ABISSO

Ricco Epulone e povero Lazzaro. Tra loro l'abisso. Uno distanzia il ricco verso la fine di se stesso, lo allontana sempre più da se stesso, verso il nulla della morte e verso la punizione eterna, a mo' di contrappasso. Uno distanzia il povero dal ricco, verso il fine al quale il povero viene destinato a mo' di premio e di contrappasso. La parabola molto energicamente ci sottolinea l'urgenza del rapporto umano da vivere appieno, specie verso chi ha bisogno, per evitare di fare una brutta fine. A che vale avere tutto, se poi ti perdi? Sembra dire. Ogni comportamento induce una frattura se è disumano, recando come conseguenza una impossibilità di vita serena. Ciò che viene escluso appare invece privilegiato. Si sottolinea il valore che rimane al di là di tutto ciò che cade nell'abisso: l'umanità. Se non c'è questa, ogni ripensamento non ha più senso e non ha alcuna possibilità. L'abisso crea incomunicabilità sempre più netta tra chi sceglie di non condividere con l'altro. Il nulla anche nel presente è sempre alle porte, e squalifica ogni ricchezza, valorizzando chi viene escluso agli occhi della logica mondana. Un invito, quello della parabola, all'attenzione all'altro, per non perdere il meglio di se stessi: la vera ricchezza. Ogni strada epulonica finisce negli abissi, ogni incontro con l'altro crea il futuro di un mondo di speranza, di giustizia e di pace.

 

Chi crediamo di essere...

A volte, crediamo di essere quel che non siamo.

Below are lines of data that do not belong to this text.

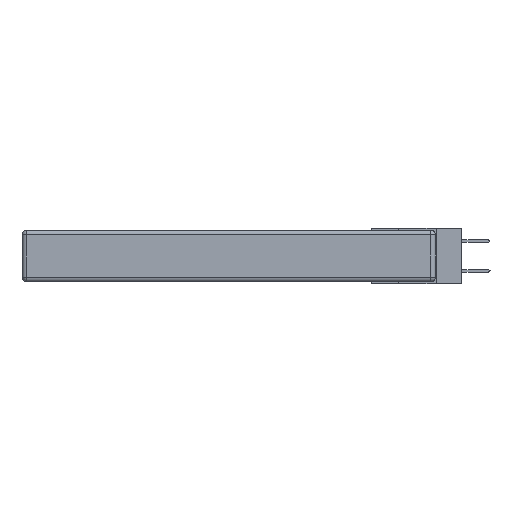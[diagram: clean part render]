
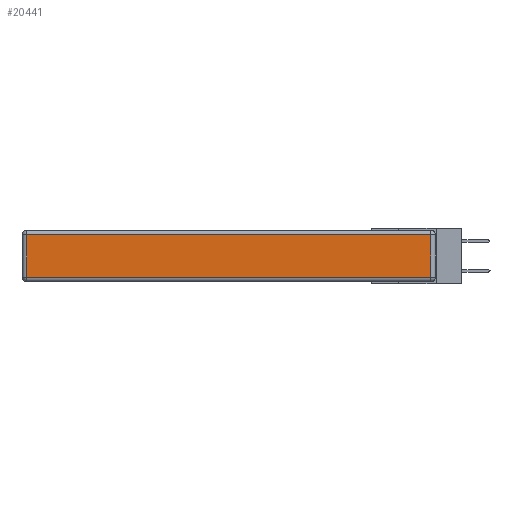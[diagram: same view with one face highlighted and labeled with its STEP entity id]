
A CAD part, left-side view. The second image highlights one B-rep face of the part: STEP entity #20441.
In plain terms, the highlighted planar face has unit normal (-1, 0, 0).
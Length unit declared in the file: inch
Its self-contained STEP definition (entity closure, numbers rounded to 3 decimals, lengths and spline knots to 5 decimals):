
#403 = VERTEX_POINT ( 'NONE', #15272 ) ;
#3509 = VECTOR ( 'NONE', #12035, 39.37008 ) ;
#4523 = DIRECTION ( 'NONE',  ( 0., 0., 1. ) ) ;
#6931 = AXIS2_PLACEMENT_3D ( 'NONE', #13424, #17607, #25681 ) ;
#7624 = DIRECTION ( 'NONE',  ( 0., 0., -1. ) ) ;
#8330 = EDGE_CURVE ( 'NONE', #403, #20485, #22054, .T. ) ;
#9923 = DIRECTION ( 'NONE',  ( 0., -1., 0. ) ) ;
#9936 = CARTESIAN_POINT ( 'NONE',  ( 0., 2.75, -0.03 ) ) ;
#10930 = EDGE_LOOP ( 'NONE', ( #18506, #21483, #13813, #24855 ) ) ;
#12035 = DIRECTION ( 'NONE',  ( 0., 1., 0. ) ) ;
#13232 = VECTOR ( 'NONE', #4523, 39.37008 ) ;
#13378 = VECTOR ( 'NONE', #7624, 39.37008 ) ;
#13424 = CARTESIAN_POINT ( 'NONE',  ( 0., 0., -0.343 ) ) ;
#13518 = CARTESIAN_POINT ( 'NONE',  ( 0., 0.03, -0.313 ) ) ;
#13813 = ORIENTED_EDGE ( 'NONE', *, *, #23533, .T. ) ;
#14200 = VERTEX_POINT ( 'NONE', #23833 ) ;
#14263 = FACE_OUTER_BOUND ( 'NONE', #10930, .T. ) ;
#15272 = CARTESIAN_POINT ( 'NONE',  ( 0., 2.72, -0.313 ) ) ;
#15334 = CARTESIAN_POINT ( 'NONE',  ( 0., 2.72, -0.343 ) ) ;
#16200 = LINE ( 'NONE', #15334, #13378 ) ;
#16543 = CARTESIAN_POINT ( 'NONE',  ( 0., 0.03, -0.343 ) ) ;
#16788 = VECTOR ( 'NONE', #9923, 39.37008 ) ;
#17607 = DIRECTION ( 'NONE',  ( -1., 0., 0. ) ) ;
#18506 = ORIENTED_EDGE ( 'NONE', *, *, #8330, .T. ) ;
#19125 = LINE ( 'NONE', #16543, #13232 ) ;
#19308 = EDGE_CURVE ( 'NONE', #19967, #403, #16200, .T. ) ;
#19967 = VERTEX_POINT ( 'NONE', #25464 ) ;
#20441 = ADVANCED_FACE ( 'NONE', ( #14263 ), #23610, .T. ) ;
#20485 = VERTEX_POINT ( 'NONE', #13518 ) ;
#21312 = EDGE_CURVE ( 'NONE', #20485, #14200, #19125, .T. ) ;
#21483 = ORIENTED_EDGE ( 'NONE', *, *, #21312, .T. ) ;
#22054 = LINE ( 'NONE', #23707, #16788 ) ;
#23533 = EDGE_CURVE ( 'NONE', #14200, #19967, #24174, .T. ) ;
#23610 = PLANE ( 'NONE',  #6931 ) ;
#23707 = CARTESIAN_POINT ( 'NONE',  ( 0., 0., -0.313 ) ) ;
#23833 = CARTESIAN_POINT ( 'NONE',  ( 0., 0.03, -0.03 ) ) ;
#24174 = LINE ( 'NONE', #9936, #3509 ) ;
#24855 = ORIENTED_EDGE ( 'NONE', *, *, #19308, .T. ) ;
#25464 = CARTESIAN_POINT ( 'NONE',  ( 0., 2.72, -0.03 ) ) ;
#25681 = DIRECTION ( 'NONE',  ( 0., 0., 1. ) ) ;
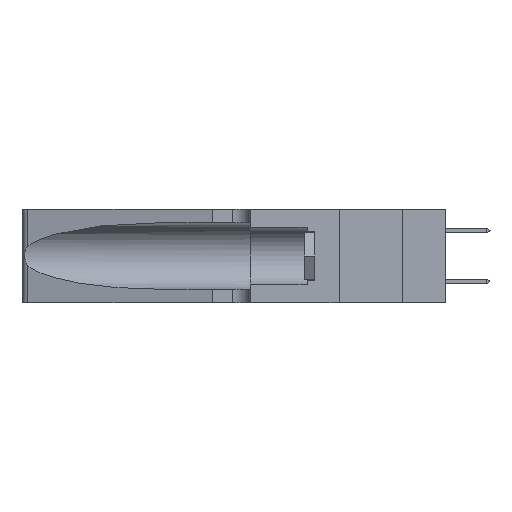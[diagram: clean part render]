
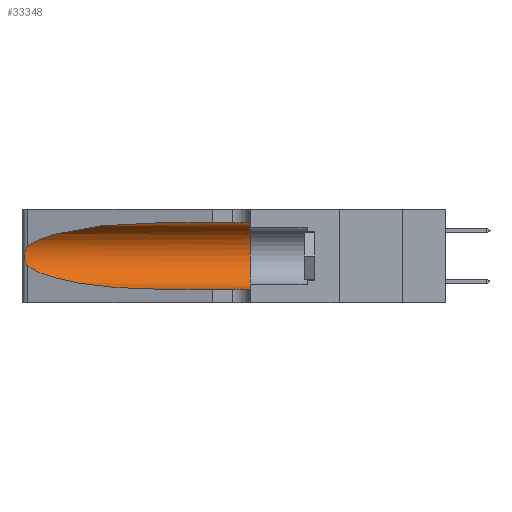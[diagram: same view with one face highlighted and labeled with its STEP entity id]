
A CAD part, left-side view. The second image highlights one B-rep face of the part: STEP entity #33348.
In plain terms, the highlighted cylindrical face has radius 3.308 mm (diameter 6.617 mm), a partial arc.
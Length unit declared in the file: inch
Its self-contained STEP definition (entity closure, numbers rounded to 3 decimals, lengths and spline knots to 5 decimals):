
#203 = FACE_OUTER_BOUND ( 'NONE', #29813, .T. ) ;
#289 = VECTOR ( 'NONE', #3742, 39.37008 ) ;
#589 = CARTESIAN_POINT ( 'NONE',  ( 0.25639, 1.23186, 0.15144 ) ) ;
#987 = EDGE_CURVE ( 'NONE', #16586, #30965, #5221, .T. ) ;
#1922 =( BOUNDED_CURVE ( )  B_SPLINE_CURVE ( 3, ( #33452, #4341, #13200, #30527 ),
 .UNSPECIFIED., .F., .F. ) 
 B_SPLINE_CURVE_WITH_KNOTS ( ( 4, 4 ),
 ( 1.5708, 2.84003 ),
 .UNSPECIFIED. ) 
 CURVE ( )  GEOMETRIC_REPRESENTATION_ITEM ( )  RATIONAL_B_SPLINE_CURVE ( ( 1., 0.87, 0.87, 1. ) ) 
 REPRESENTATION_ITEM ( '' )  );
#2430 = CARTESIAN_POINT ( 'NONE',  ( 0.1305, 0.35, 0.31525 ) ) ;
#3742 = DIRECTION ( 'NONE',  ( 0., -1., 0. ) ) ;
#4259 = CARTESIAN_POINT ( 'NONE',  ( 0.25487, 1.22718, 0.14631 ) ) ;
#4341 = CARTESIAN_POINT ( 'NONE',  ( 0.18966, 0.96281, 0.31525 ) ) ;
#4634 = CARTESIAN_POINT ( 'NONE',  ( 0.18966, 0.96281, 0.05475 ) ) ;
#4980 = ORIENTED_EDGE ( 'NONE', *, *, #33149, .F. ) ;
#5221 =( BOUNDED_CURVE ( )  B_SPLINE_CURVE ( 3, ( #4259, #10405, #4634, #7182 ),
 .UNSPECIFIED., .F., .F. ) 
 B_SPLINE_CURVE_WITH_KNOTS ( ( 4, 4 ),
 ( 3.44316, 4.71239 ),
 .UNSPECIFIED. ) 
 CURVE ( )  GEOMETRIC_REPRESENTATION_ITEM ( )  RATIONAL_B_SPLINE_CURVE ( ( 1., 0.87, 0.87, 1. ) ) 
 REPRESENTATION_ITEM ( '' )  );
#5313 = CARTESIAN_POINT ( 'NONE',  ( 0.26017, 1.23833, 0.17102 ) ) ;
#6033 = ORIENTED_EDGE ( 'NONE', *, *, #12997, .T. ) ;
#6106 = ORIENTED_EDGE ( 'NONE', *, *, #20171, .T. ) ;
#6560 = DIRECTION ( 'NONE',  ( 0., -1., 0. ) ) ;
#7096 = CARTESIAN_POINT ( 'NONE',  ( 0.1305, 0.72297, 0.05475 ) ) ;
#7182 = CARTESIAN_POINT ( 'NONE',  ( 0.1305, 0.72297, 0.05475 ) ) ;
#7240 = ORIENTED_EDGE ( 'NONE', *, *, #13904, .T. ) ;
#7669 = AXIS2_PLACEMENT_3D ( 'NONE', #24238, #27334, #27189 ) ;
#8811 = CARTESIAN_POINT ( 'NONE',  ( 0.25487, 1.22718, 0.14631 ) ) ;
#10405 = CARTESIAN_POINT ( 'NONE',  ( 0.2373, 1.15595, 0.08982 ) ) ;
#12116 = VERTEX_POINT ( 'NONE', #20535 ) ;
#12997 = EDGE_CURVE ( 'NONE', #30965, #31684, #14983, .T. ) ;
#13200 = CARTESIAN_POINT ( 'NONE',  ( 0.2373, 1.15595, 0.28018 ) ) ;
#13642 = ORIENTED_EDGE ( 'NONE', *, *, #987, .T. ) ;
#13904 = EDGE_CURVE ( 'NONE', #16901, #16586, #36481, .T. ) ;
#14732 = AXIS2_PLACEMENT_3D ( 'NONE', #30726, #30974, #19189 ) ;
#14983 = LINE ( 'NONE', #32971, #289 ) ;
#15815 = EDGE_CURVE ( 'NONE', #34322, #31684, #17096, .T. ) ;
#16586 = VERTEX_POINT ( 'NONE', #25327 ) ;
#16901 = VERTEX_POINT ( 'NONE', #21259 ) ;
#17096 = CIRCLE ( 'NONE', #7669, 0.13025 ) ;
#19189 = DIRECTION ( 'NONE',  ( 0., 0., -1. ) ) ;
#19609 = CARTESIAN_POINT ( 'NONE',  ( 0.25787, 1.23484, 0.2124 ) ) ;
#19867 = CARTESIAN_POINT ( 'NONE',  ( 0.26075, 1.23896, 0.178 ) ) ;
#19984 = CARTESIAN_POINT ( 'NONE',  ( 0.25639, 1.23184, 0.21858 ) ) ;
#20007 = LINE ( 'NONE', #21522, #21361 ) ;
#20171 = EDGE_CURVE ( 'NONE', #12116, #16901, #1922, .T. ) ;
#20535 = CARTESIAN_POINT ( 'NONE',  ( 0.1305, 0.72297, 0.31525 ) ) ;
#20667 = CARTESIAN_POINT ( 'NONE',  ( 0.25555, 1.22994, 0.2215 ) ) ;
#20928 = CYLINDRICAL_SURFACE ( 'NONE', #14732, 0.13025 ) ;
#21259 = CARTESIAN_POINT ( 'NONE',  ( 0.25487, 1.22718, 0.22369 ) ) ;
#21361 = VECTOR ( 'NONE', #6560, 39.37008 ) ;
#21522 = CARTESIAN_POINT ( 'NONE',  ( 0.1305, 1.61858, 0.31525 ) ) ;
#24238 = CARTESIAN_POINT ( 'NONE',  ( 0.1305, 0.35, 0.185 ) ) ;
#25327 = CARTESIAN_POINT ( 'NONE',  ( 0.25487, 1.22718, 0.14631 ) ) ;
#25488 = CARTESIAN_POINT ( 'NONE',  ( 0.1305, 0.35, 0.05475 ) ) ;
#26445 = CARTESIAN_POINT ( 'NONE',  ( 0.25487, 1.22718, 0.22369 ) ) ;
#27189 = DIRECTION ( 'NONE',  ( 0., 0., 1. ) ) ;
#27334 = DIRECTION ( 'NONE',  ( 0., 1., 0. ) ) ;
#29813 = EDGE_LOOP ( 'NONE', ( #6106, #7240, #13642, #6033, #30223, #4980 ) ) ;
#29897 = CARTESIAN_POINT ( 'NONE',  ( 0.25789, 1.23486, 0.15765 ) ) ;
#30223 = ORIENTED_EDGE ( 'NONE', *, *, #15815, .F. ) ;
#30527 = CARTESIAN_POINT ( 'NONE',  ( 0.25487, 1.22718, 0.22369 ) ) ;
#30726 = CARTESIAN_POINT ( 'NONE',  ( 0.1305, 1.61858, 0.185 ) ) ;
#30965 = VERTEX_POINT ( 'NONE', #7096 ) ;
#30974 = DIRECTION ( 'NONE',  ( 0., -1., 0. ) ) ;
#31384 = CARTESIAN_POINT ( 'NONE',  ( 0.25854, 1.2359, 0.20912 ) ) ;
#31507 = CARTESIAN_POINT ( 'NONE',  ( 0.25555, 1.22993, 0.14849 ) ) ;
#31684 = VERTEX_POINT ( 'NONE', #25488 ) ;
#32971 = CARTESIAN_POINT ( 'NONE',  ( 0.1305, 1.61858, 0.05475 ) ) ;
#33149 = EDGE_CURVE ( 'NONE', #12116, #34322, #20007, .T. ) ;
#33348 = ADVANCED_FACE ( 'NONE', ( #203 ), #20928, .F. ) ;
#33452 = CARTESIAN_POINT ( 'NONE',  ( 0.1305, 0.72297, 0.31525 ) ) ;
#34322 = VERTEX_POINT ( 'NONE', #2430 ) ;
#34330 = CARTESIAN_POINT ( 'NONE',  ( 0.26018, 1.23835, 0.19895 ) ) ;
#35494 = CARTESIAN_POINT ( 'NONE',  ( 0.25856, 1.23593, 0.16098 ) ) ;
#36481 = B_SPLINE_CURVE_WITH_KNOTS ( 'NONE', 3,
 ( #26445, #20667, #19984, #19609, #31384, #34330, #37388, #19867, #5313, #35494, #29897, #589, #31507, #8811 ),
 .UNSPECIFIED., .F., .F.,
 ( 4, 2, 2, 2, 2, 2, 4 ),
 ( 0., 0.00027, 0.00053, 0.00107, 0.0016, 0.00187, 0.00214 ),
 .UNSPECIFIED. ) ;
#37388 = CARTESIAN_POINT ( 'NONE',  ( 0.26075, 1.23896, 0.19203 ) ) ;

E così ci atteggiamo al mondo, coprendo con le parole quel che non siamo di fatto.

La parola blocca la visione dei fatti al di fuori della verità, e impedisce agli altri di incontrarci per quello che siamo.

Crediamo di essere qualcosa in più, e usiamo le parole per assurgere a nuove dimensioni impensate che ci facciano essere in considerazione più di quel che siamo.

Ma veniamo smentiti dai fatti, e allora le nostre parole appaiono solo giochi di falsità, svalorizzando anche il nostro mondo e facendoci apparire per quello che siamo: prestigiatori, che vogliono far credere quel che non è.

 

 

 

Non c'è ora che tenga

 

Per Dio non c'è ora che tenga, non guarda all'orologio nostro Lui.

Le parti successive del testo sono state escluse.